William Willard, Guest Editor


Papers prepared for two panels at the Rocky Mountain Modern Language Association 1999 annual meeting in Santa Fe, New Mexico, were the basis for the articles in this issue, titled "Native American Literature on the Edge of a New Century."

American Indian literature in the twentieth century began slowly with few practitioners. Gertrude Bonnin (aka Zitkala Sa), Charles Eastman, and other less well-known writers had some presence early in the century.

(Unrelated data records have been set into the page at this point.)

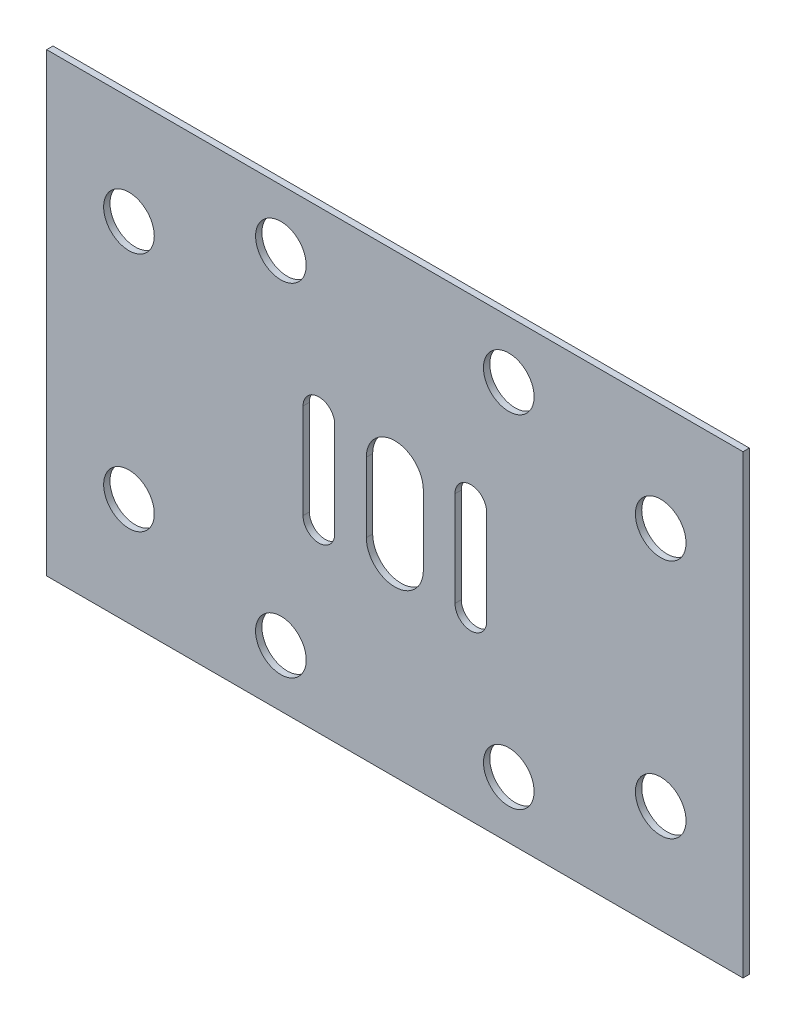
ISO-10303-21;
HEADER;
FILE_DESCRIPTION(('STEP AP214'),'2;1');
FILE_NAME('part.step','',(''),(''),'','','');
FILE_SCHEMA(('AUTOMOTIVE_DESIGN { 1 0 10303 214 1 1 1 1 }'));
ENDSEC;
DATA;
#1=APPLICATION_CONTEXT('core data for automotive mechanical design processes');
#2=APPLICATION_PROTOCOL_DEFINITION('international standard','automotive_design',2000,#1);
#3=PRODUCT_CONTEXT('',#1,'mechanical');
#4=PRODUCT('Part','Part','',(#3));
#5=PRODUCT_RELATED_PRODUCT_CATEGORY('part','',(#4));
#6=PRODUCT_DEFINITION_FORMATION('','',#4);
#7=PRODUCT_DEFINITION_CONTEXT('part definition',#1,'design');
#8=PRODUCT_DEFINITION('design','',#6,#7);
#9=PRODUCT_DEFINITION_SHAPE('','',#8);
#10=(LENGTH_UNIT() NAMED_UNIT(*) SI_UNIT(.MILLI.,.METRE.));
#11=(NAMED_UNIT(*) PLANE_ANGLE_UNIT() SI_UNIT($,.RADIAN.));
#12=(NAMED_UNIT(*) SI_UNIT($,.STERADIAN.) SOLID_ANGLE_UNIT());
#13=UNCERTAINTY_MEASURE_WITH_UNIT(LENGTH_MEASURE(1.E-05),#10,'distance_accuracy_value','');
#14=(GEOMETRIC_REPRESENTATION_CONTEXT(3) GLOBAL_UNCERTAINTY_ASSIGNED_CONTEXT((#13)) GLOBAL_UNIT_ASSIGNED_CONTEXT((#10,
#11,#12)) REPRESENTATION_CONTEXT('',''));
#15=CARTESIAN_POINT('',(0.,0.,0.));
#16=DIRECTION('',(0.,0.,1.));
#17=DIRECTION('',(1.,0.,0.));
#18=AXIS2_PLACEMENT_3D('',#15,#16,#17);
#19=CARTESIAN_POINT('',(0.,0.,0.25));
#20=DIRECTION('',(0.,0.,1.));
#21=DIRECTION('',(1.,0.,0.));
#22=AXIS2_PLACEMENT_3D('',#19,#20,#21);
#23=PLANE('',#22);
#24=CARTESIAN_POINT('',(9.,13.5,0.25));
#25=DIRECTION('',(0.,0.,1.));
#26=DIRECTION('',(-1.,0.,0.));
#27=AXIS2_PLACEMENT_3D('',#24,#25,#26);
#28=CIRCLE('',#27,2.);
#29=CARTESIAN_POINT('',(7.,13.5,0.25));
#30=VERTEX_POINT('',#29);
#31=EDGE_CURVE('E435',#30,#30,#28,.T.);
#32=ORIENTED_EDGE('',*,*,#31,.F.);
#33=EDGE_LOOP('',(#32));
#34=FACE_BOUND('',#33,.T.);
#35=CARTESIAN_POINT('',(9.,-13.5,0.25));
#36=DIRECTION('',(0.,0.,1.));
#37=DIRECTION('',(1.,0.,0.));
#38=AXIS2_PLACEMENT_3D('',#35,#36,#37);
#39=CIRCLE('',#38,2.);
#40=CARTESIAN_POINT('',(11.,-13.5,0.25));
#41=VERTEX_POINT('',#40);
#42=EDGE_CURVE('E175',#41,#41,#39,.T.);
#43=ORIENTED_EDGE('',*,*,#42,.F.);
#44=EDGE_LOOP('',(#43));
#45=FACE_BOUND('',#44,.T.);
#46=CARTESIAN_POINT('',(-9.,-13.5,0.25));
#47=DIRECTION('',(0.,0.,1.));
#48=DIRECTION('',(-1.,0.,0.));
#49=AXIS2_PLACEMENT_3D('',#46,#47,#48);
#50=CIRCLE('',#49,2.);
#51=CARTESIAN_POINT('',(-11.,-13.5,0.25));
#52=VERTEX_POINT('',#51);
#53=EDGE_CURVE('E253',#52,#52,#50,.T.);
#54=ORIENTED_EDGE('',*,*,#53,.F.);
#55=EDGE_LOOP('',(#54));
#56=FACE_BOUND('',#55,.T.);
#57=CARTESIAN_POINT('',(-9.,13.5,0.25));
#58=DIRECTION('',(0.,0.,1.));
#59=DIRECTION('',(1.,0.,0.));
#60=AXIS2_PLACEMENT_3D('',#57,#58,#59);
#61=CIRCLE('',#60,2.);
#62=CARTESIAN_POINT('',(-7.,13.5,0.25));
#63=VERTEX_POINT('',#62);
#64=EDGE_CURVE('E265',#63,#63,#61,.T.);
#65=ORIENTED_EDGE('',*,*,#64,.F.);
#66=EDGE_LOOP('',(#65));
#67=FACE_BOUND('',#66,.T.);
#68=DIRECTION('',(0.,1.,0.));
#69=VECTOR('',#68,1.);
#70=CARTESIAN_POINT('',(27.5,18.,0.25));
#71=LINE('',#70,#69);
#72=CARTESIAN_POINT('',(27.5,-18.,0.25));
#73=VERTEX_POINT('',#72);
#74=CARTESIAN_POINT('',(27.5,18.,0.25));
#75=VERTEX_POINT('',#74);
#76=EDGE_CURVE('E271',#73,#75,#71,.T.);
#77=ORIENTED_EDGE('',*,*,#76,.T.);
#78=DIRECTION('',(-1.,0.,0.));
#79=VECTOR('',#78,1.);
#80=CARTESIAN_POINT('',(-27.5,18.,0.25));
#81=LINE('',#80,#79);
#82=CARTESIAN_POINT('',(-27.5,18.,0.25));
#83=VERTEX_POINT('',#82);
#84=EDGE_CURVE('E274',#75,#83,#81,.T.);
#85=ORIENTED_EDGE('',*,*,#84,.T.);
#86=DIRECTION('',(0.,-1.,0.));
#87=VECTOR('',#86,1.);
#88=CARTESIAN_POINT('',(-27.5,18.,0.25));
#89=LINE('',#88,#87);
#90=CARTESIAN_POINT('',(-27.5,-18.,0.25));
#91=VERTEX_POINT('',#90);
#92=EDGE_CURVE('E277',#83,#91,#89,.T.);
#93=ORIENTED_EDGE('',*,*,#92,.T.);
#94=DIRECTION('',(1.,0.,0.));
#95=VECTOR('',#94,1.);
#96=CARTESIAN_POINT('',(-27.5,-18.,0.25));
#97=LINE('',#96,#95);
#98=EDGE_CURVE('E279',#91,#73,#97,.T.);
#99=ORIENTED_EDGE('',*,*,#98,.T.);
#100=EDGE_LOOP('',(#77,#85,#93,#99));
#101=FACE_BOUND('',#100,.T.);
#102=CARTESIAN_POINT('',(-21.,9.5,0.25));
#103=DIRECTION('',(0.,0.,1.));
#104=DIRECTION('',(1.,0.,0.));
#105=AXIS2_PLACEMENT_3D('',#102,#103,#104);
#106=CIRCLE('',#105,2.);
#107=CARTESIAN_POINT('',(-19.,9.5,0.25));
#108=VERTEX_POINT('',#107);
#109=EDGE_CURVE('E259',#108,#108,#106,.T.);
#110=ORIENTED_EDGE('',*,*,#109,.F.);
#111=EDGE_LOOP('',(#110));
#112=FACE_BOUND('',#111,.T.);
#113=CARTESIAN_POINT('',(-21.,-9.5,0.25));
#114=DIRECTION('',(0.,0.,1.));
#115=DIRECTION('',(-1.,0.,0.));
#116=AXIS2_PLACEMENT_3D('',#113,#114,#115);
#117=CIRCLE('',#116,2.);
#118=CARTESIAN_POINT('',(-23.,-9.5,0.25));
#119=VERTEX_POINT('',#118);
#120=EDGE_CURVE('E247',#119,#119,#117,.T.);
#121=ORIENTED_EDGE('',*,*,#120,.F.);
#122=EDGE_LOOP('',(#121));
#123=FACE_BOUND('',#122,.T.);
#124=DIRECTION('',(0.,-1.,0.));
#125=VECTOR('',#124,1.);
#126=CARTESIAN_POINT('',(-2.25,2.75,0.25));
#127=LINE('',#126,#125);
#128=CARTESIAN_POINT('',(-2.25,2.75,0.25));
#129=VERTEX_POINT('',#128);
#130=CARTESIAN_POINT('',(-2.25,-2.75,0.25));
#131=VERTEX_POINT('',#130);
#132=EDGE_CURVE('E218',#129,#131,#127,.T.);
#133=ORIENTED_EDGE('',*,*,#132,.F.);
#134=CARTESIAN_POINT('',(0.,2.75,0.25));
#135=DIRECTION('',(0.,0.,1.));
#136=DIRECTION('',(1.,0.,0.));
#137=AXIS2_PLACEMENT_3D('',#134,#135,#136);
#138=CIRCLE('',#137,2.25);
#139=CARTESIAN_POINT('',(2.25,2.75,0.25));
#140=VERTEX_POINT('',#139);
#141=EDGE_CURVE('E216',#140,#129,#138,.T.);
#142=ORIENTED_EDGE('',*,*,#141,.F.);
#143=DIRECTION('',(0.,1.,0.));
#144=VECTOR('',#143,1.);
#145=CARTESIAN_POINT('',(2.25,2.75,0.25));
#146=LINE('',#145,#144);
#147=CARTESIAN_POINT('',(2.25,-2.75,0.25));
#148=VERTEX_POINT('',#147);
#149=EDGE_CURVE('E224',#148,#140,#146,.T.);
#150=ORIENTED_EDGE('',*,*,#149,.F.);
#151=CARTESIAN_POINT('',(0.,-2.75,0.25));
#152=DIRECTION('',(0.,0.,1.));
#153=DIRECTION('',(1.,0.,0.));
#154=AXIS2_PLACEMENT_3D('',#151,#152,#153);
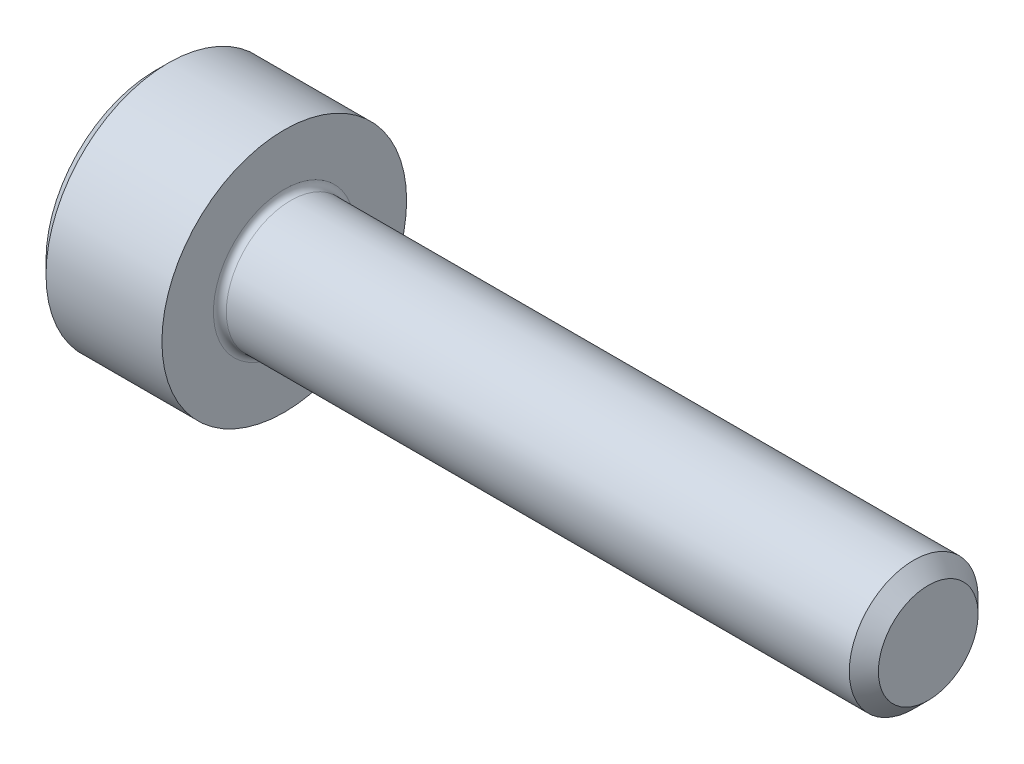
ISO-10303-21;
HEADER;
FILE_DESCRIPTION(('STEP AP214'),'2;1');
FILE_NAME('part.step','',(''),(''),'','','');
FILE_SCHEMA(('AUTOMOTIVE_DESIGN { 1 0 10303 214 1 1 1 1 }'));
ENDSEC;
DATA;
#1=APPLICATION_CONTEXT('core data for automotive mechanical design processes');
#2=APPLICATION_PROTOCOL_DEFINITION('international standard','automotive_design',2000,#1);
#3=PRODUCT_CONTEXT('',#1,'mechanical');
#4=PRODUCT('Part','Part','',(#3));
#5=PRODUCT_RELATED_PRODUCT_CATEGORY('part','',(#4));
#6=PRODUCT_DEFINITION_FORMATION('','',#4);
#7=PRODUCT_DEFINITION_CONTEXT('part definition',#1,'design');
#8=PRODUCT_DEFINITION('design','',#6,#7);
#9=PRODUCT_DEFINITION_SHAPE('','',#8);
#10=(LENGTH_UNIT() NAMED_UNIT(*) SI_UNIT(.MILLI.,.METRE.));
#11=(NAMED_UNIT(*) PLANE_ANGLE_UNIT() SI_UNIT($,.RADIAN.));
#12=(NAMED_UNIT(*) SI_UNIT($,.STERADIAN.) SOLID_ANGLE_UNIT());
#13=UNCERTAINTY_MEASURE_WITH_UNIT(LENGTH_MEASURE(1.E-05),#10,'distance_accuracy_value','');
#14=(GEOMETRIC_REPRESENTATION_CONTEXT(3) GLOBAL_UNCERTAINTY_ASSIGNED_CONTEXT((#13)) GLOBAL_UNIT_ASSIGNED_CONTEXT((#10,
#11,#12)) REPRESENTATION_CONTEXT('',''));
#15=CARTESIAN_POINT('',(0.,0.,0.));
#16=DIRECTION('',(0.,0.,1.));
#17=DIRECTION('',(1.,0.,0.));
#18=AXIS2_PLACEMENT_3D('',#15,#16,#17);
#19=CARTESIAN_POINT('',(0.,0.,0.));
#20=DIRECTION('',(-1.,0.,0.));
#21=DIRECTION('',(0.,0.,1.));
#22=AXIS2_PLACEMENT_3D('',#19,#20,#21);
#23=PLANE('',#22);
#24=DIRECTION('',(0.,-0.499999999999999,0.866025403784439));
#25=VECTOR('',#24,1.);
#26=CARTESIAN_POINT('',(0.,0.892006165897969,0.));
#27=LINE('',#26,#25);
#28=CARTESIAN_POINT('',(0.,0.892006165897969,0.));
#29=VERTEX_POINT('',#28);
#30=CARTESIAN_POINT('',(0.,0.446003082948983,0.772499999999997));
#31=VERTEX_POINT('',#30);
#32=EDGE_CURVE('E388',#29,#31,#27,.T.);
#33=ORIENTED_EDGE('',*,*,#32,.T.);
#34=DIRECTION('',(0.,1.,0.));
#35=VECTOR('',#34,1.);
#36=CARTESIAN_POINT('',(0.,-0.446003082948989,0.772499999999998));
#37=LINE('',#36,#35);
#38=CARTESIAN_POINT('',(0.,-0.446003082948989,0.772499999999998));
#39=VERTEX_POINT('',#38);
#40=EDGE_CURVE('E132',#39,#31,#37,.T.);
#41=ORIENTED_EDGE('',*,*,#40,.F.);
#42=DIRECTION('',(0.,-0.500000000000001,-0.866025403784438));
#43=VECTOR('',#42,1.);
#44=CARTESIAN_POINT('',(0.,-0.446003082948989,0.772499999999998));
#45=LINE('',#44,#43);
#46=CARTESIAN_POINT('',(0.,-0.892006165897975,0.));
#47=VERTEX_POINT('',#46);
#48=EDGE_CURVE('E391',#39,#47,#45,.T.);
#49=ORIENTED_EDGE('',*,*,#48,.T.);
#50=DIRECTION('',(0.,0.499999999999999,-0.866025403784439));
#51=VECTOR('',#50,1.);
#52=CARTESIAN_POINT('',(0.,-0.892006165897975,0.));
#53=LINE('',#52,#51);
#54=CARTESIAN_POINT('',(0.,-0.44600308294899,-0.772500000000001));
#55=VERTEX_POINT('',#54);
#56=EDGE_CURVE('E394',#47,#55,#53,.T.);
#57=ORIENTED_EDGE('',*,*,#56,.T.);
#58=DIRECTION('',(0.,-1.,0.));
#59=VECTOR('',#58,1.);
#60=CARTESIAN_POINT('',(0.,0.446003082948982,-0.772500000000003));
#61=LINE('',#60,#59);
#62=CARTESIAN_POINT('',(0.,0.446003082948982,-0.772500000000003));
#63=VERTEX_POINT('',#62);
#64=EDGE_CURVE('E397',#63,#55,#61,.T.);
#65=ORIENTED_EDGE('',*,*,#64,.F.);
#66=DIRECTION('',(0.,-0.500000000000001,-0.866025403784438));
#67=VECTOR('',#66,1.);
#68=CARTESIAN_POINT('',(0.,0.892006165897969,0.));
#69=LINE('',#68,#67);
#70=EDGE_CURVE('E127',#29,#63,#69,.T.);
#71=ORIENTED_EDGE('',*,*,#70,.F.);
#72=EDGE_LOOP('',(#33,#41,#49,#57,#65,#71));
#73=FACE_BOUND('',#72,.T.);
#74=CARTESIAN_POINT('',(0.,0.,0.));
#75=DIRECTION('',(-1.,0.,0.));
#76=DIRECTION('',(0.,0.,1.));
#77=AXIS2_PLACEMENT_3D('',#74,#75,#76);
#78=CIRCLE('',#77,1.70000000000001);
#79=CARTESIAN_POINT('',(0.,0.,1.70000000000001));
#80=VERTEX_POINT('',#79);
#81=EDGE_CURVE('E143',#80,#80,#78,.T.);
#82=ORIENTED_EDGE('',*,*,#81,.T.);
#83=EDGE_LOOP('',(#82));
#84=FACE_BOUND('',#83,.T.);
#85=ADVANCED_FACE('F36',(#73,#84),#23,.T.);
#86=CARTESIAN_POINT('',(12.,0.774,0.));
#87=DIRECTION('',(1.,0.,0.));
#88=DIRECTION('',(0.,0.,-1.));
#89=AXIS2_PLACEMENT_3D('',#86,#87,#88);
#90=PLANE('',#89);
#91=CARTESIAN_POINT('',(12.,0.,0.));
#92=DIRECTION('',(-1.,0.,0.));
#93=DIRECTION('',(0.,0.,1.));
#94=AXIS2_PLACEMENT_3D('',#91,#92,#93);
#95=CIRCLE('',#94,0.774);
#96=CARTESIAN_POINT('',(12.,0.,0.774));
#97=VERTEX_POINT('',#96);
#98=EDGE_CURVE('E156',#97,#97,#95,.T.);
#99=ORIENTED_EDGE('',*,*,#98,.F.);
#100=EDGE_LOOP('',(#99));
#101=FACE_BOUND('',#100,.T.);
#102=ADVANCED_FACE('F177',(#101),#90,.T.);
#103=CARTESIAN_POINT('',(12.,0.,0.));
#104=DIRECTION('',(-1.,0.,0.));
#105=DIRECTION('',(0.,0.,1.));
#106=AXIS2_PLACEMENT_3D('',#103,#104,#105);
#107=CONICAL_SURFACE('',#106,0.774,0.785398163397411);
#108=CARTESIAN_POINT('',(11.774,0.,0.));
#109=DIRECTION('',(-1.,0.,0.));
#110=DIRECTION('',(0.,0.,1.));
#111=AXIS2_PLACEMENT_3D('',#108,#109,#110);
#112=CIRCLE('',#111,0.999999999999987);
#113=CARTESIAN_POINT('',(11.774,0.,0.999999999999987));
#114=VERTEX_POINT('',#113);
#115=EDGE_CURVE('E153',#114,#114,#112,.T.);
#116=ORIENTED_EDGE('',*,*,#115,.F.);
#117=EDGE_LOOP('',(#116));
#118=FACE_BOUND('',#117,.T.);
#119=ORIENTED_EDGE('',*,*,#98,.T.);
#120=EDGE_LOOP('',(#119));
#121=FACE_BOUND('',#120,.T.);
#122=ADVANCED_FACE('F183',(#118,#121),#107,.T.);
#123=CARTESIAN_POINT('',(-31.75,0.,0.));
#124=DIRECTION('',(-1.,0.,0.));
#125=DIRECTION('',(0.,0.,1.));
#126=AXIS2_PLACEMENT_3D('',#123,#124,#125);
#127=CYLINDRICAL_SURFACE('',#126,0.999999999999994);
#128=CARTESIAN_POINT('',(2.1,0.,0.));
#129=DIRECTION('',(1.,0.,0.));
#130=DIRECTION('',(0.,0.,-1.));
#131=AXIS2_PLACEMENT_3D('',#128,#129,#130);
#132=CIRCLE('',#131,0.999999999999994);
#133=CARTESIAN_POINT('',(2.1,0.,-0.999999999999994));
#134=VERTEX_POINT('',#133);
#135=EDGE_CURVE('E11',#134,#134,#132,.T.);
#136=ORIENTED_EDGE('',*,*,#135,.T.);
#137=EDGE_LOOP('',(#136));
#138=FACE_BOUND('',#137,.T.);
#139=ORIENTED_EDGE('',*,*,#115,.T.);
#140=EDGE_LOOP('',(#139));
#141=FACE_BOUND('',#140,.T.);
#142=ADVANCED_FACE('F194',(#138,#141),#127,.T.);
#143=CARTESIAN_POINT('',(2.,1.9,0.));
#144=DIRECTION('',(1.,0.,0.));
#145=DIRECTION('',(0.,0.,-1.));
#146=AXIS2_PLACEMENT_3D('',#143,#144,#145);
#147=PLANE('',#146);
#148=CARTESIAN_POINT('',(2.,0.,0.));
#149=DIRECTION('',(1.,0.,0.));
#150=DIRECTION('',(0.,0.,-1.));
#151=AXIS2_PLACEMENT_3D('',#148,#149,#150);
#152=CIRCLE('',#151,1.09999999999999);
#153=CARTESIAN_POINT('',(2.,0.,-1.09999999999999));
#154=VERTEX_POINT('',#153);
#155=EDGE_CURVE('E44',#154,#154,#152,.F.);
#156=ORIENTED_EDGE('',*,*,#155,.T.);
#157=EDGE_LOOP('',(#156));
#158=FACE_BOUND('',#157,.T.);
#159=CARTESIAN_POINT('',(2.,0.,0.));
#160=DIRECTION('',(-1.,0.,0.));
#161=DIRECTION('',(0.,0.,1.));
#162=AXIS2_PLACEMENT_3D('',#159,#160,#161);
#163=CIRCLE('',#162,1.9);
#164=CARTESIAN_POINT('',(2.,0.,1.9));
#165=VERTEX_POINT('',#164);
#166=EDGE_CURVE('E150',#165,#165,#163,.T.);
#167=ORIENTED_EDGE('',*,*,#166,.F.);
#168=EDGE_LOOP('',(#167));
#169=FACE_BOUND('',#168,.T.);
#170=ADVANCED_FACE('F161',(#158,#169),#147,.T.);
#171=CARTESIAN_POINT('',(-31.75,0.,0.));
#172=DIRECTION('',(-1.,0.,0.));
#173=DIRECTION('',(0.,0.,1.));
#174=AXIS2_PLACEMENT_3D('',#171,#172,#173);
#175=CYLINDRICAL_SURFACE('',#174,1.9);
#176=ORIENTED_EDGE('',*,*,#166,.T.);
#177=EDGE_LOOP('',(#176));
#178=FACE_BOUND('',#177,.T.);
#179=CARTESIAN_POINT('',(0.199999999999999,0.,0.));
#180=DIRECTION('',(-1.,0.,0.));
#181=DIRECTION('',(0.,0.,1.));
#182=AXIS2_PLACEMENT_3D('',#179,#180,#181);
#183=CIRCLE('',#182,1.9);
#184=CARTESIAN_POINT('',(0.199999999999999,0.,1.9));
#185=VERTEX_POINT('',#184);
#186=EDGE_CURVE('E147',#185,#185,#183,.T.);
#187=ORIENTED_EDGE('',*,*,#186,.F.);
#188=EDGE_LOOP('',(#187));
#189=FACE_BOUND('',#188,.T.);
#190=ADVANCED_FACE('F172',(#178,#189),#175,.T.);
#191=CARTESIAN_POINT('',(0.,0.,0.));
#192=DIRECTION('',(1.,0.,0.));
#193=DIRECTION('',(0.,0.,-1.));
#194=AXIS2_PLACEMENT_3D('',#191,#192,#193);
#195=CONICAL_SURFACE('',#194,1.70000000000001,0.785398163397435);
#196=ORIENTED_EDGE('',*,*,#186,.T.);
#197=EDGE_LOOP('',(#196));
#198=FACE_BOUND('',#197,.T.);
#199=ORIENTED_EDGE('',*,*,#81,.F.);
#200=EDGE_LOOP('',(#199));
#201=FACE_BOUND('',#200,.T.);
#202=ADVANCED_FACE('F165',(#198,#201),#195,.T.);
#203=CARTESIAN_POINT('',(2.1,0.,0.));
#204=DIRECTION('',(1.,0.,0.));
#205=DIRECTION('',(0.,0.,-1.));
#206=AXIS2_PLACEMENT_3D('',#203,#204,#205);
#207=TOROIDAL_SURFACE('',#206,1.09999999999999,0.1);
#208=ORIENTED_EDGE('',*,*,#135,.F.);
#209=EDGE_LOOP('',(#208));
#210=FACE_BOUND('',#209,.T.);
#211=ORIENTED_EDGE('',*,*,#155,.F.);
#212=EDGE_LOOP('',(#211));
#213=FACE_BOUND('',#212,.T.);
#214=ADVANCED_FACE('F38',(#210,#213),#207,.F.);
#215=CARTESIAN_POINT('',(1.,0.892006165897969,0.));
#216=DIRECTION('',(0.,-0.866025403784439,-0.499999999999999));
#217=DIRECTION('',(0.,0.499999999999999,-0.866025403784439));
#218=AXIS2_PLACEMENT_3D('',#215,#216,#217);
#219=PLANE('',#218);
#220=ORIENTED_EDGE('',*,*,#32,.F.);
#221=DIRECTION('',(-1.,0.,0.));
#222=VECTOR('',#221,1.);
#223=CARTESIAN_POINT('',(1.,0.892006165897969,0.));
#224=LINE('',#223,#222);
#225=CARTESIAN_POINT('',(1.,0.892006165897969,0.));
#226=VERTEX_POINT('',#225);
#227=EDGE_CURVE('E378',#226,#29,#224,.T.);
#228=ORIENTED_EDGE('',*,*,#227,.F.);
#229=DIRECTION('',(0.,-0.499999999999999,0.866025403784439));
#230=VECTOR('',#229,1.);
#231=CARTESIAN_POINT('',(1.,0.892006165897969,0.));
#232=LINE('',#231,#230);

In the second half of the century, Scott Momaday and Leslie Marmon Silko broke through to acceptance by publishers, more or less leading the way for other writers to follow. In the process a mainstream and its margins have developed. Canonicity can be rather easily pronounced, at least according to some specialists in the field. Others are ready to disagree with some or all of those pronouncements. Those disagreements lead to clashes over what is American Indian literature and who is or isn't an American Indian writer--a writer who happens to be an American Indian, or an American Indian who writes about American Indian subjects? And who is an American Indian anyway? Someone who woke up one morning and said what if I am part Indian? Or someone who didn't have a choice any morning, they already were one?

In this issue that question of authenticity is examined in an essay on that topic. It is very probable we will see some future articles that will take up the twenty-first-century variants of these arguments and [End Page 5] probably some brand-new questions that haven't yet seen the light of a panel paper at a conference.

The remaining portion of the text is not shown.